TASK REQUIREMENTS | Copy the first line of the entries below and every line after it through the line containing "#35=ADVANCED_FACE('F41',(#34),#23,.F.);". Do not include pictures.

══ SOURCE INFORMATION ══

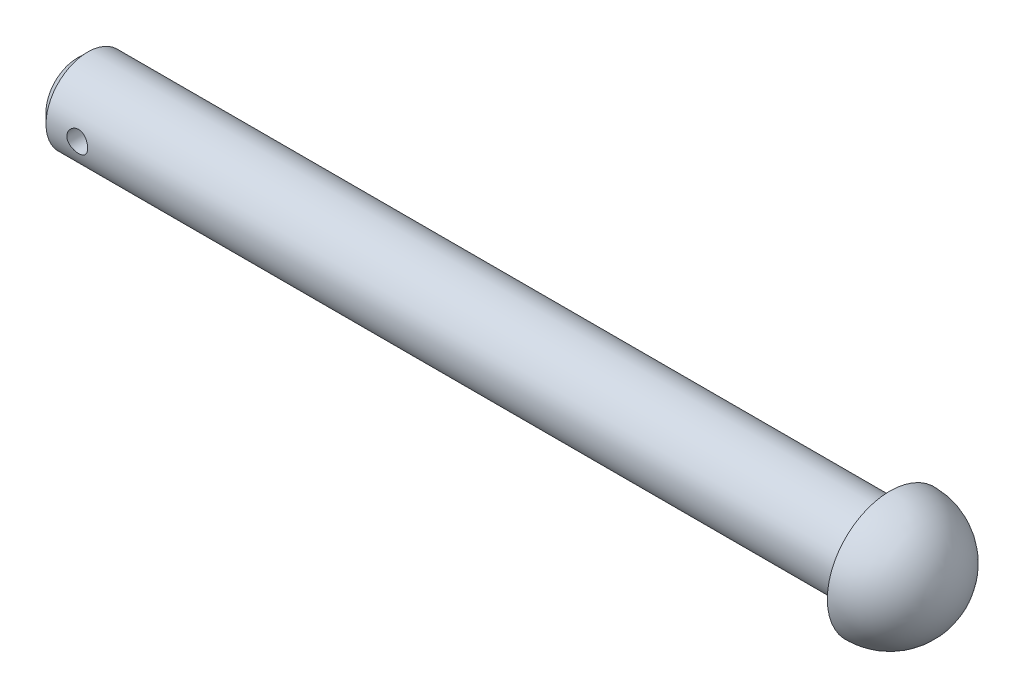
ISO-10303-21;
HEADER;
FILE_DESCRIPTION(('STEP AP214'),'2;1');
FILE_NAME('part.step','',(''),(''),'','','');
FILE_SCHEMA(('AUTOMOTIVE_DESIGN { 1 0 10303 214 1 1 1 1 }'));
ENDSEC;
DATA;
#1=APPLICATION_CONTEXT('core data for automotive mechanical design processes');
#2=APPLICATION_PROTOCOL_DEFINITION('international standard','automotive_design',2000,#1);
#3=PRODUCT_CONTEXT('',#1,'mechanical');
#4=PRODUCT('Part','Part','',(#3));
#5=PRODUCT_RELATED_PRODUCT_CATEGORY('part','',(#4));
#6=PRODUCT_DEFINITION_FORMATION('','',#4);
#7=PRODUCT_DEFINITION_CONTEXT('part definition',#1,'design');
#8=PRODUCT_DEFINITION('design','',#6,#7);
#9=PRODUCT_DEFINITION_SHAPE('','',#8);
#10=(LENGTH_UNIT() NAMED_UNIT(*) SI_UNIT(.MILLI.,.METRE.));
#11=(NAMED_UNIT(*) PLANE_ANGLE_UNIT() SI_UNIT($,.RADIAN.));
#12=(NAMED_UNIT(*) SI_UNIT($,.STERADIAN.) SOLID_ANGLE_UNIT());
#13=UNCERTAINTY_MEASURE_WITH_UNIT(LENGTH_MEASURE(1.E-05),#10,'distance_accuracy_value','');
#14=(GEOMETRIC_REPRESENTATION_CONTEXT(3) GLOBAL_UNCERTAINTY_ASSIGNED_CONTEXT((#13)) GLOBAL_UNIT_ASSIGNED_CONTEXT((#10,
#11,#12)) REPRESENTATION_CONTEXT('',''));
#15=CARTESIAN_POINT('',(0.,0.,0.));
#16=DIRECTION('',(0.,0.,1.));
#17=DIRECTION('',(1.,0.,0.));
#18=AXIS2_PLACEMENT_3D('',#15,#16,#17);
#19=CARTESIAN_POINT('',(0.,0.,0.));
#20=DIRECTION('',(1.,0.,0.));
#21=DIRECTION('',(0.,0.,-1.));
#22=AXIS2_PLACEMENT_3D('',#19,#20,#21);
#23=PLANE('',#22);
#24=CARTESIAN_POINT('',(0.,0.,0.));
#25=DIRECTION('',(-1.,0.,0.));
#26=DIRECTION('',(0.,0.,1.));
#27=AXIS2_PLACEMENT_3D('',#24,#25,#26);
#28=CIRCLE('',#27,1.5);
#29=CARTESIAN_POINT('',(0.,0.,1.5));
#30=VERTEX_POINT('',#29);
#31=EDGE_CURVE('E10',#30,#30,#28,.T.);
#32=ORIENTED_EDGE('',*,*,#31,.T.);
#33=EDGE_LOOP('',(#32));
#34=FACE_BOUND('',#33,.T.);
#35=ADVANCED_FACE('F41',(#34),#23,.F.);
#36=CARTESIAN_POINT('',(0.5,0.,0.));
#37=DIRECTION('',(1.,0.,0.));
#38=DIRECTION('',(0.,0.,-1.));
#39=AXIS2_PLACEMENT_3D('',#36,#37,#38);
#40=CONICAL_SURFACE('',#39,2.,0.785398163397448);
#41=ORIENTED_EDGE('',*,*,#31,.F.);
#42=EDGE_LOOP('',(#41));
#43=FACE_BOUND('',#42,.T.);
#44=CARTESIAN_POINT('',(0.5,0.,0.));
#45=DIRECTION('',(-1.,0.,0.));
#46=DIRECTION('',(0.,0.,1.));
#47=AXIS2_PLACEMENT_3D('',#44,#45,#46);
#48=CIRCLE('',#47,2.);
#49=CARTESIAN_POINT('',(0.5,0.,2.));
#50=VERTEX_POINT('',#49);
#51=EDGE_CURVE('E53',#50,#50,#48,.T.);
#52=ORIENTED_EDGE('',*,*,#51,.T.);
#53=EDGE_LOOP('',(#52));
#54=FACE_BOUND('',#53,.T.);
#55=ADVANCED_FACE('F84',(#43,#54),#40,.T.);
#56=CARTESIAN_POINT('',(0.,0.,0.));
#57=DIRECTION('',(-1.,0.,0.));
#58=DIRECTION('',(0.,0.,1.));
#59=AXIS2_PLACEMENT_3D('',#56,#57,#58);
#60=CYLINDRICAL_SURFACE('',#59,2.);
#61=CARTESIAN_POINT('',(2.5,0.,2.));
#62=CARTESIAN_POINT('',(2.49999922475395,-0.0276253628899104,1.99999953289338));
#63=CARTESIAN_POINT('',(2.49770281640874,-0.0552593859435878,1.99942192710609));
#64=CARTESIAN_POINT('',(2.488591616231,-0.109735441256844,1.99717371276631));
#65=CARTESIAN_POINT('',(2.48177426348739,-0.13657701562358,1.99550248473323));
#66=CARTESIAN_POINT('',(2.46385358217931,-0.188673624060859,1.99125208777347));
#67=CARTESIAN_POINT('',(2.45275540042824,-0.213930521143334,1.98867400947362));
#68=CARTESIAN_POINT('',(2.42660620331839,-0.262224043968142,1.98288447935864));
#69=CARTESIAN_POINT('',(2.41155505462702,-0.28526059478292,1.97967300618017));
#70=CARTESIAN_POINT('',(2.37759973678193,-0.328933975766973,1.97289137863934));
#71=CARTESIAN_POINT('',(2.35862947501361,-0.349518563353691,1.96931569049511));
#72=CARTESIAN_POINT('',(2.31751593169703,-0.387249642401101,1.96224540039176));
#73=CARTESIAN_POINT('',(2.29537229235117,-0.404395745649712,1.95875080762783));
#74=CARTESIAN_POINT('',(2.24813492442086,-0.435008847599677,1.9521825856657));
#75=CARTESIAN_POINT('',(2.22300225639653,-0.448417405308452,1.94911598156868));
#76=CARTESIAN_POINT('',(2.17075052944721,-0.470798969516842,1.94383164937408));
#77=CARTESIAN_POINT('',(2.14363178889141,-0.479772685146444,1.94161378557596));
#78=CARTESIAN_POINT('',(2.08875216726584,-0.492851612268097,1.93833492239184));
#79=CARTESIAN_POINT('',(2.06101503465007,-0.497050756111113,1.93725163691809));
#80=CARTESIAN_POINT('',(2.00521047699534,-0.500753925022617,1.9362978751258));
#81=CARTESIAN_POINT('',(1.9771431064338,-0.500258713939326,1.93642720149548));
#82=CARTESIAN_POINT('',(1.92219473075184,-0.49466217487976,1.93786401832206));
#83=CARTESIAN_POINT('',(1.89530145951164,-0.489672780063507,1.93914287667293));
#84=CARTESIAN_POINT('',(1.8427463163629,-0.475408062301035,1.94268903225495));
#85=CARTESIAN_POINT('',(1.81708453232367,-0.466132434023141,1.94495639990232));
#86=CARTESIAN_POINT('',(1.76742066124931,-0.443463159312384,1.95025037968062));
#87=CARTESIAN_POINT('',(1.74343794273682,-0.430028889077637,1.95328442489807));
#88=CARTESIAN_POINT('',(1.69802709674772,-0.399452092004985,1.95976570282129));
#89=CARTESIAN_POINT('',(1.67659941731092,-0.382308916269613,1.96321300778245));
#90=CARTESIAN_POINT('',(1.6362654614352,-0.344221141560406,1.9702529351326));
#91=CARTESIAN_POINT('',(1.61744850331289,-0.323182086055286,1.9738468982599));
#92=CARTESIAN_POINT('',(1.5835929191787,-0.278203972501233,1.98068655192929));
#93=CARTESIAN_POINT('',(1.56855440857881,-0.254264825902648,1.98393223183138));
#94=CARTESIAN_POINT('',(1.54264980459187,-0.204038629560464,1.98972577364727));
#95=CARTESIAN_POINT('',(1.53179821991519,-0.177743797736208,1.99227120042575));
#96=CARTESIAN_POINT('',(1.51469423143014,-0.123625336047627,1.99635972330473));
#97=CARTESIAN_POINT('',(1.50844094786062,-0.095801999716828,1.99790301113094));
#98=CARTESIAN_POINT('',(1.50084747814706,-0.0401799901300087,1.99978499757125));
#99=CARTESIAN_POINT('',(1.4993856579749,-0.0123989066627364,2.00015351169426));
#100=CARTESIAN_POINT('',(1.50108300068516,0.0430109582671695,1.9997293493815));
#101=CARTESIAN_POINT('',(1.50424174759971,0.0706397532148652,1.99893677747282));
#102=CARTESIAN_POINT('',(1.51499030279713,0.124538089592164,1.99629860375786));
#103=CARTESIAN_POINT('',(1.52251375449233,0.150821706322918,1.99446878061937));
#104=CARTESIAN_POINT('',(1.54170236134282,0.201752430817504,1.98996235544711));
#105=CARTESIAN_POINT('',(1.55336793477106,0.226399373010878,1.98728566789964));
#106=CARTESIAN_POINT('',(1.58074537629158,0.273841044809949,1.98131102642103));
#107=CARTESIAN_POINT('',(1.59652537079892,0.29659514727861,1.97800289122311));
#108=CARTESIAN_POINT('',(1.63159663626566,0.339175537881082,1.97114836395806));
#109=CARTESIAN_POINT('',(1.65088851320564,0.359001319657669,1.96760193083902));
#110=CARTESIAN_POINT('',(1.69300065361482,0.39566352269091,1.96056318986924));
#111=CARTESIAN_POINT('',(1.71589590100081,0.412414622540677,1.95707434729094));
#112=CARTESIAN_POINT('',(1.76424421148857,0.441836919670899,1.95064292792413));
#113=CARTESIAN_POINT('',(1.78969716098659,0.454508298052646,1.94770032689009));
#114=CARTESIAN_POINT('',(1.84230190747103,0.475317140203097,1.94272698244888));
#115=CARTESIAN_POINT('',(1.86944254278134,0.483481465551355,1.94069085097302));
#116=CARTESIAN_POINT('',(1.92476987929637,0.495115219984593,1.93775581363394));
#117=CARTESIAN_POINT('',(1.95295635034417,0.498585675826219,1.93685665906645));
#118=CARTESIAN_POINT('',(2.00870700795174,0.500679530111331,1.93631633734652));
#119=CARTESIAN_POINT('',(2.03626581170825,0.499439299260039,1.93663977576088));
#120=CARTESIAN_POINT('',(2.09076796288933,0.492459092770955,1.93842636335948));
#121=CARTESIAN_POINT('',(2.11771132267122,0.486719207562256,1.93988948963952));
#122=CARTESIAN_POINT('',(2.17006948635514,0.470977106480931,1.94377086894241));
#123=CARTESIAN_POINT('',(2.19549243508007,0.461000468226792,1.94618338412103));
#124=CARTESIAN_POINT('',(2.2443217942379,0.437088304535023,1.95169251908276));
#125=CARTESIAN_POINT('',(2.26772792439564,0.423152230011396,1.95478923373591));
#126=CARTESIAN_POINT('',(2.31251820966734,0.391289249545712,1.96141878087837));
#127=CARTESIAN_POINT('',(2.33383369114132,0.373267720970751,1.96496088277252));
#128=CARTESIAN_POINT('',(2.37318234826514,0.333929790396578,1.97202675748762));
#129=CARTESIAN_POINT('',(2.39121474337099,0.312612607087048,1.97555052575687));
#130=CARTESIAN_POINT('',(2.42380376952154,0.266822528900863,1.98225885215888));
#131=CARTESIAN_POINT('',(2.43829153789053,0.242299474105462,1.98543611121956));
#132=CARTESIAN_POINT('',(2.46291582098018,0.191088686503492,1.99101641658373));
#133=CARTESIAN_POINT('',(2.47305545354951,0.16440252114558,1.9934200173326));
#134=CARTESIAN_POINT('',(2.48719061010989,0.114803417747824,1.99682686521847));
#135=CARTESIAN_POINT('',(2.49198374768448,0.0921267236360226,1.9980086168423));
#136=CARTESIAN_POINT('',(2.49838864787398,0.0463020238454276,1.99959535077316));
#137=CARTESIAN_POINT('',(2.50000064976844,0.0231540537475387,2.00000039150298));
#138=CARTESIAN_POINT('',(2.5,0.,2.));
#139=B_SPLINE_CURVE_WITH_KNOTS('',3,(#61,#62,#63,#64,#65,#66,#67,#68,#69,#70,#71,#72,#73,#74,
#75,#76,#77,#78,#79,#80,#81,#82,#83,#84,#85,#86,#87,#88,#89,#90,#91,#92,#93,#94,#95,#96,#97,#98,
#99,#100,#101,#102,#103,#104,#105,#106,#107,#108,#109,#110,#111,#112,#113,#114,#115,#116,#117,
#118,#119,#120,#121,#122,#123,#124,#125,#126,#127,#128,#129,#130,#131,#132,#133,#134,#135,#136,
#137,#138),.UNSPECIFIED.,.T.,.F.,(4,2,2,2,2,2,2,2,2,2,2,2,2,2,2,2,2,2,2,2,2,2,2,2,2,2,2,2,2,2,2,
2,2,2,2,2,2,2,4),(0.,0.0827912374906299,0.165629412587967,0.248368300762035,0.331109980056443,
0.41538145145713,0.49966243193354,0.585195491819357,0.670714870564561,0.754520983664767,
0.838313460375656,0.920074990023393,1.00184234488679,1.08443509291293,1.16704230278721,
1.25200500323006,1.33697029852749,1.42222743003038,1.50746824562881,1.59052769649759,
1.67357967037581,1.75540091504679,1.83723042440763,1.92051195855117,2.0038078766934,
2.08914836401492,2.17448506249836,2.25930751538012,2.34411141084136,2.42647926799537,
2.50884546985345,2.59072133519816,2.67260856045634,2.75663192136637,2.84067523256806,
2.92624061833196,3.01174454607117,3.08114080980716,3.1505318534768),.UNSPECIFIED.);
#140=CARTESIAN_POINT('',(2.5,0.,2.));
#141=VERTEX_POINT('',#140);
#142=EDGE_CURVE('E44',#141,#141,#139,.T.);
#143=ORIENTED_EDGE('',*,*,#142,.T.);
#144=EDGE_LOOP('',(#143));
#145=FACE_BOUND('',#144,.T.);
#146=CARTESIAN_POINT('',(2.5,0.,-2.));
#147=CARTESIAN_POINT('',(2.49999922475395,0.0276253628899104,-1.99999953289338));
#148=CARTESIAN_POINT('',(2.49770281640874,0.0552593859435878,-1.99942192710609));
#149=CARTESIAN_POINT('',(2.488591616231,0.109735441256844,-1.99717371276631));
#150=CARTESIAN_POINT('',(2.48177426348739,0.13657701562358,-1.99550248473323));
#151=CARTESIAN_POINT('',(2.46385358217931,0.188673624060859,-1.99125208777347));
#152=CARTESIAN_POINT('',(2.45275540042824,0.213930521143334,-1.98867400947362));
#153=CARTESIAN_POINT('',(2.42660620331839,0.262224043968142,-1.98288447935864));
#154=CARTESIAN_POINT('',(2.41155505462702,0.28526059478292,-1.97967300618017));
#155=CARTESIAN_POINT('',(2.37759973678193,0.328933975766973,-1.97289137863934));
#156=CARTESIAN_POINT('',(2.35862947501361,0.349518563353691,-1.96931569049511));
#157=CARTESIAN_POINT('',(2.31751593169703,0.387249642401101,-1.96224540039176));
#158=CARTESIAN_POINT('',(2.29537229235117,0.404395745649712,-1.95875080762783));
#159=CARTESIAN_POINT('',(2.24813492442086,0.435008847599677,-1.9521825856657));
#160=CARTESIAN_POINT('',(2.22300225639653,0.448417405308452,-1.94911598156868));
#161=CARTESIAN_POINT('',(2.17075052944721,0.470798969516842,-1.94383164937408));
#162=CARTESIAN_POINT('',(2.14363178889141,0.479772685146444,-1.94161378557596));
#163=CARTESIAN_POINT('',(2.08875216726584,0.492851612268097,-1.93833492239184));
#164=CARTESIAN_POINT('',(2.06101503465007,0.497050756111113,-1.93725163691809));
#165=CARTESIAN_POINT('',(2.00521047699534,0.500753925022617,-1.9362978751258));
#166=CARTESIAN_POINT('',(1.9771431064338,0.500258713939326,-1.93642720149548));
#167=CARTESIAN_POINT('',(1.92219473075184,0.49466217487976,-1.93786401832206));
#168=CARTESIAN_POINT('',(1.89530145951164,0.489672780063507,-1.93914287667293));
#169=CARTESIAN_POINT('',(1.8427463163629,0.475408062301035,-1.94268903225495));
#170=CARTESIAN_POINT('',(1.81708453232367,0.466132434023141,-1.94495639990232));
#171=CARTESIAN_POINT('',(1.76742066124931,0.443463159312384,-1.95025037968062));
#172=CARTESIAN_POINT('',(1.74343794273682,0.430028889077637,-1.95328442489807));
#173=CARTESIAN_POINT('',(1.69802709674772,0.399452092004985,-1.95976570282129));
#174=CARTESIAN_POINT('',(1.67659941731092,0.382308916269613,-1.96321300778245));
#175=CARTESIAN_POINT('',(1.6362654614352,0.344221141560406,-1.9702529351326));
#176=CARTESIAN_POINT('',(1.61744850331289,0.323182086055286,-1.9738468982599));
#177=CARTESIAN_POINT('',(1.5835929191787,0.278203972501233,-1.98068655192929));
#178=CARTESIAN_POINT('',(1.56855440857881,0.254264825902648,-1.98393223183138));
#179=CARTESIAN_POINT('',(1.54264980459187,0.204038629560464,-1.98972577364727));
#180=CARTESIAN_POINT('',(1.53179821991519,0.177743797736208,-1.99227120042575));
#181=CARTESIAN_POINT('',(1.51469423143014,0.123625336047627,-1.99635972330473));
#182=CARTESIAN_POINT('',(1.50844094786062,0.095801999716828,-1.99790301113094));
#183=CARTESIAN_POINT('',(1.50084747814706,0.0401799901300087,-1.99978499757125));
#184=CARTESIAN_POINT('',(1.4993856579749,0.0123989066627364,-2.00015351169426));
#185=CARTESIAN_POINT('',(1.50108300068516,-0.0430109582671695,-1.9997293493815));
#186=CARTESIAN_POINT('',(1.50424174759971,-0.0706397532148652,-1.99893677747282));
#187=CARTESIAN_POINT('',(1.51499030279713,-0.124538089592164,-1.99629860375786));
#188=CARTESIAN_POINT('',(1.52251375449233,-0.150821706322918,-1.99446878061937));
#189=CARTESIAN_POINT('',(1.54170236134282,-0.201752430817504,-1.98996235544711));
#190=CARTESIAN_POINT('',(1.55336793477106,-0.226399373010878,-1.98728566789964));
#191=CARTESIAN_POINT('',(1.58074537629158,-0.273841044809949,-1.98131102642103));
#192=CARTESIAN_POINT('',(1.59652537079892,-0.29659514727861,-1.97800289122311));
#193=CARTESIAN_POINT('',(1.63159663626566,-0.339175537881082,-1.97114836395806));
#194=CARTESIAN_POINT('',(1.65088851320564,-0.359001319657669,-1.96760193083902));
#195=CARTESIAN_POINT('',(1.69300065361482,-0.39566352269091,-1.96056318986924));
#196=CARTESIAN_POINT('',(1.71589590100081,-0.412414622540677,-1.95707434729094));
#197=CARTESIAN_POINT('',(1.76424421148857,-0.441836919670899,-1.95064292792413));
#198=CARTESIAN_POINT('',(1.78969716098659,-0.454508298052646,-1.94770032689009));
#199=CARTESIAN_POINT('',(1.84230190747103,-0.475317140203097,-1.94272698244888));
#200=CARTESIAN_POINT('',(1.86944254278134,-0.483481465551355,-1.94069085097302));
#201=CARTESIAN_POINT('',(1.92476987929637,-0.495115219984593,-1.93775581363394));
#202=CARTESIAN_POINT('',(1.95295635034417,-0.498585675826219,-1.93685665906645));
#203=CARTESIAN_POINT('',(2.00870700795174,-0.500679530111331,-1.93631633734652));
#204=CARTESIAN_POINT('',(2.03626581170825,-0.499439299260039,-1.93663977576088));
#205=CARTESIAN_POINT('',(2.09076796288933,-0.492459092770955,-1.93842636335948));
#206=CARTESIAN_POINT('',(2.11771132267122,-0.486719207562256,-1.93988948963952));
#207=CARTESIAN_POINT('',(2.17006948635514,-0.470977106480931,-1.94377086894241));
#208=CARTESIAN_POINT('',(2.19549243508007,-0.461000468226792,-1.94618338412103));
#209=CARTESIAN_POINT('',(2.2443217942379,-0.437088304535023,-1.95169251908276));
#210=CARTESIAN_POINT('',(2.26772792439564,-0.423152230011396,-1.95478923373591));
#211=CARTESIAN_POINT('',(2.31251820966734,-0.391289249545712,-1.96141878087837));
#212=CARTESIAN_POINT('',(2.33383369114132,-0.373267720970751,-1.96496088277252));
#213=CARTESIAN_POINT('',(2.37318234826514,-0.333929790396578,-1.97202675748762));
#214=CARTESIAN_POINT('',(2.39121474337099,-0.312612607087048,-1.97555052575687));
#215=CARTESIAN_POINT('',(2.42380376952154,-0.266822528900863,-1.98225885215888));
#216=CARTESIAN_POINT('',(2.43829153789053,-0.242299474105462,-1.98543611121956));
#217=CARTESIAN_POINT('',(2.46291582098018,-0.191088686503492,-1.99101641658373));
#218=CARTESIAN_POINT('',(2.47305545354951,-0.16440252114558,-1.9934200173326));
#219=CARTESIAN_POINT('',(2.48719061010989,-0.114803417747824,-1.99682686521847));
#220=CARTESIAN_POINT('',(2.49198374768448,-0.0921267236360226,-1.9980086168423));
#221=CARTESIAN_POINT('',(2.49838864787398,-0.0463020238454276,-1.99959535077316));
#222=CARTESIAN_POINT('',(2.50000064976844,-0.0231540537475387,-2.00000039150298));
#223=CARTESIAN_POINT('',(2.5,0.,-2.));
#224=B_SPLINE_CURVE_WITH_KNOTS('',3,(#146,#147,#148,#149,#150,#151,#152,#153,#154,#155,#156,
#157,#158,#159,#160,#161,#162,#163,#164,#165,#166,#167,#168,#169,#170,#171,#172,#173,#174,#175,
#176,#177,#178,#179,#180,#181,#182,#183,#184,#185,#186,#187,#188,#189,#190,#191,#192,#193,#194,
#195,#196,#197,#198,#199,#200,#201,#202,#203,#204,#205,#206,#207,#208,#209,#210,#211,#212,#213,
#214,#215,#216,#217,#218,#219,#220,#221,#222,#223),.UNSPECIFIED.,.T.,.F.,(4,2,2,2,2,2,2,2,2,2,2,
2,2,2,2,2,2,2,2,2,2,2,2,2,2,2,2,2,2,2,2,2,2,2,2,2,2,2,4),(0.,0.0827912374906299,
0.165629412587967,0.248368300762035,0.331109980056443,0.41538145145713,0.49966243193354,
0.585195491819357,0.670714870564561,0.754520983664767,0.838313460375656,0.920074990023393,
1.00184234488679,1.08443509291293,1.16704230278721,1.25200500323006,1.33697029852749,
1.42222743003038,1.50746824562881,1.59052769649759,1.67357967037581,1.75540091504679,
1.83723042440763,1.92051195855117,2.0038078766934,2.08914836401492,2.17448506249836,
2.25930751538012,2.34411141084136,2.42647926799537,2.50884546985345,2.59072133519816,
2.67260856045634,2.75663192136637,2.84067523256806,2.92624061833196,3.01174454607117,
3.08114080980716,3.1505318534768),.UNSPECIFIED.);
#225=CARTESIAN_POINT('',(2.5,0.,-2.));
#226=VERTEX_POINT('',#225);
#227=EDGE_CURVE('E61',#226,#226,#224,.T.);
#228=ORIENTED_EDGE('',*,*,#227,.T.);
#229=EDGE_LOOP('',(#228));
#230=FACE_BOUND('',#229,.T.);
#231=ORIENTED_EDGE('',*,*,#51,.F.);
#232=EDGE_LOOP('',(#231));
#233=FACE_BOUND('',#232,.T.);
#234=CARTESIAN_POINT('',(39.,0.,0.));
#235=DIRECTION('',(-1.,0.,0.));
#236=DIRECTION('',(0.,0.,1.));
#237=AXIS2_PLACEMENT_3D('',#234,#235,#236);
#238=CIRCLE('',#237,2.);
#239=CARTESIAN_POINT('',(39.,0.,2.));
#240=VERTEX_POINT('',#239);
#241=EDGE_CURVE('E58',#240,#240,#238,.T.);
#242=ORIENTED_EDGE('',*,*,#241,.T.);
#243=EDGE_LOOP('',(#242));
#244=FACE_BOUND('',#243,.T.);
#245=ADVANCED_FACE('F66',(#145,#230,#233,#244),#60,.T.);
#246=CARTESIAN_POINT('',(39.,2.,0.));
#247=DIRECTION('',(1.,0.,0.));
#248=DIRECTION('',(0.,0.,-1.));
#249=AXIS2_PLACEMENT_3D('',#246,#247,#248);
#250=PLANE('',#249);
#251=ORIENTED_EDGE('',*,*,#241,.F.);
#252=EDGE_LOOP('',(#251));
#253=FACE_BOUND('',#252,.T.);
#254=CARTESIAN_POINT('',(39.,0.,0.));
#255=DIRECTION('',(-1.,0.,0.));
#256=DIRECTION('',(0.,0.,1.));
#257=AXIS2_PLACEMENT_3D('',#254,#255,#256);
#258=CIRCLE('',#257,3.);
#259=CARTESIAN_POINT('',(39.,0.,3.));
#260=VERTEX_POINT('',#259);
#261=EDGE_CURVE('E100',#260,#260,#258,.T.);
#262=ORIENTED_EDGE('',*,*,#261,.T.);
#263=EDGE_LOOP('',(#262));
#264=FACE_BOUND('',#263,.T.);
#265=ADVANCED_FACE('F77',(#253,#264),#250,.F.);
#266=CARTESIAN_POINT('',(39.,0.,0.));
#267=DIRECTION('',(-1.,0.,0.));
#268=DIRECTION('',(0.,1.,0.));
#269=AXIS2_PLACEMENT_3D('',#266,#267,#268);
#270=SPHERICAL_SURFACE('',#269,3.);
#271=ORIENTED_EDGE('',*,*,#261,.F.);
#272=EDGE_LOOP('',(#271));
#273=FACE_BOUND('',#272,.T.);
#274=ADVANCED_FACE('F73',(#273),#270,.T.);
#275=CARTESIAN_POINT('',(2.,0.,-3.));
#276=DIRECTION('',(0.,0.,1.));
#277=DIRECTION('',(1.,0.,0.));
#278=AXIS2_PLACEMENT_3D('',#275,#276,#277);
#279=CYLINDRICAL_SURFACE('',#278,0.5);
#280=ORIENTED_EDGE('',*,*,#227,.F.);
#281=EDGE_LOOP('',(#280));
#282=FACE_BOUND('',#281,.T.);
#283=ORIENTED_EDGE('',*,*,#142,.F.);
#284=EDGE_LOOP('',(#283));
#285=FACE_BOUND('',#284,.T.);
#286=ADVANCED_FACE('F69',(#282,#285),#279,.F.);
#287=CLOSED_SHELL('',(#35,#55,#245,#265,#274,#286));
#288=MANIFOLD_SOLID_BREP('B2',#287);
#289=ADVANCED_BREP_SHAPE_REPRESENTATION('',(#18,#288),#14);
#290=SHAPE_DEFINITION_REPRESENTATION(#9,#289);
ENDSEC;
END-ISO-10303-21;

═══

ANSWER TO THE PROBLEM |
ISO-10303-21;
HEADER;
FILE_DESCRIPTION(('STEP AP214'),'2;1');
FILE_NAME('part.step','',(''),(''),'','','');
FILE_SCHEMA(('AUTOMOTIVE_DESIGN { 1 0 10303 214 1 1 1 1 }'));
ENDSEC;
DATA;
#1=APPLICATION_CONTEXT('core data for automotive mechanical design processes');
#2=APPLICATION_PROTOCOL_DEFINITION('international standard','automotive_design',2000,#1);
#3=PRODUCT_CONTEXT('',#1,'mechanical');
#4=PRODUCT('Part','Part','',(#3));
#5=PRODUCT_RELATED_PRODUCT_CATEGORY('part','',(#4));
#6=PRODUCT_DEFINITION_FORMATION('','',#4);
#7=PRODUCT_DEFINITION_CONTEXT('part definition',#1,'design');
#8=PRODUCT_DEFINITION('design','',#6,#7);
#9=PRODUCT_DEFINITION_SHAPE('','',#8);
#10=(LENGTH_UNIT() NAMED_UNIT(*) SI_UNIT(.MILLI.,.METRE.));
#11=(NAMED_UNIT(*) PLANE_ANGLE_UNIT() SI_UNIT($,.RADIAN.));
#12=(NAMED_UNIT(*) SI_UNIT($,.STERADIAN.) SOLID_ANGLE_UNIT());
#13=UNCERTAINTY_MEASURE_WITH_UNIT(LENGTH_MEASURE(1.E-05),#10,'distance_accuracy_value','');
#14=(GEOMETRIC_REPRESENTATION_CONTEXT(3) GLOBAL_UNCERTAINTY_ASSIGNED_CONTEXT((#13)) GLOBAL_UNIT_ASSIGNED_CONTEXT((#10,
#11,#12)) REPRESENTATION_CONTEXT('',''));
#15=CARTESIAN_POINT('',(0.,0.,0.));
#16=DIRECTION('',(0.,0.,1.));
#17=DIRECTION('',(1.,0.,0.));
#18=AXIS2_PLACEMENT_3D('',#15,#16,#17);
#19=CARTESIAN_POINT('',(0.,0.,0.));
#20=DIRECTION('',(1.,0.,0.));
#21=DIRECTION('',(0.,0.,-1.));
#22=AXIS2_PLACEMENT_3D('',#19,#20,#21);
#23=PLANE('',#22);
#24=CARTESIAN_POINT('',(0.,0.,0.));
#25=DIRECTION('',(-1.,0.,0.));
#26=DIRECTION('',(0.,0.,1.));
#27=AXIS2_PLACEMENT_3D('',#24,#25,#26);
#28=CIRCLE('',#27,1.5);
#29=CARTESIAN_POINT('',(0.,0.,1.5));
#30=VERTEX_POINT('',#29);
#31=EDGE_CURVE('E10',#30,#30,#28,.T.);
#32=ORIENTED_EDGE('',*,*,#31,.T.);
#33=EDGE_LOOP('',(#32));
#34=FACE_BOUND('',#33,.T.);
#35=ADVANCED_FACE('F41',(#34),#23,.F.);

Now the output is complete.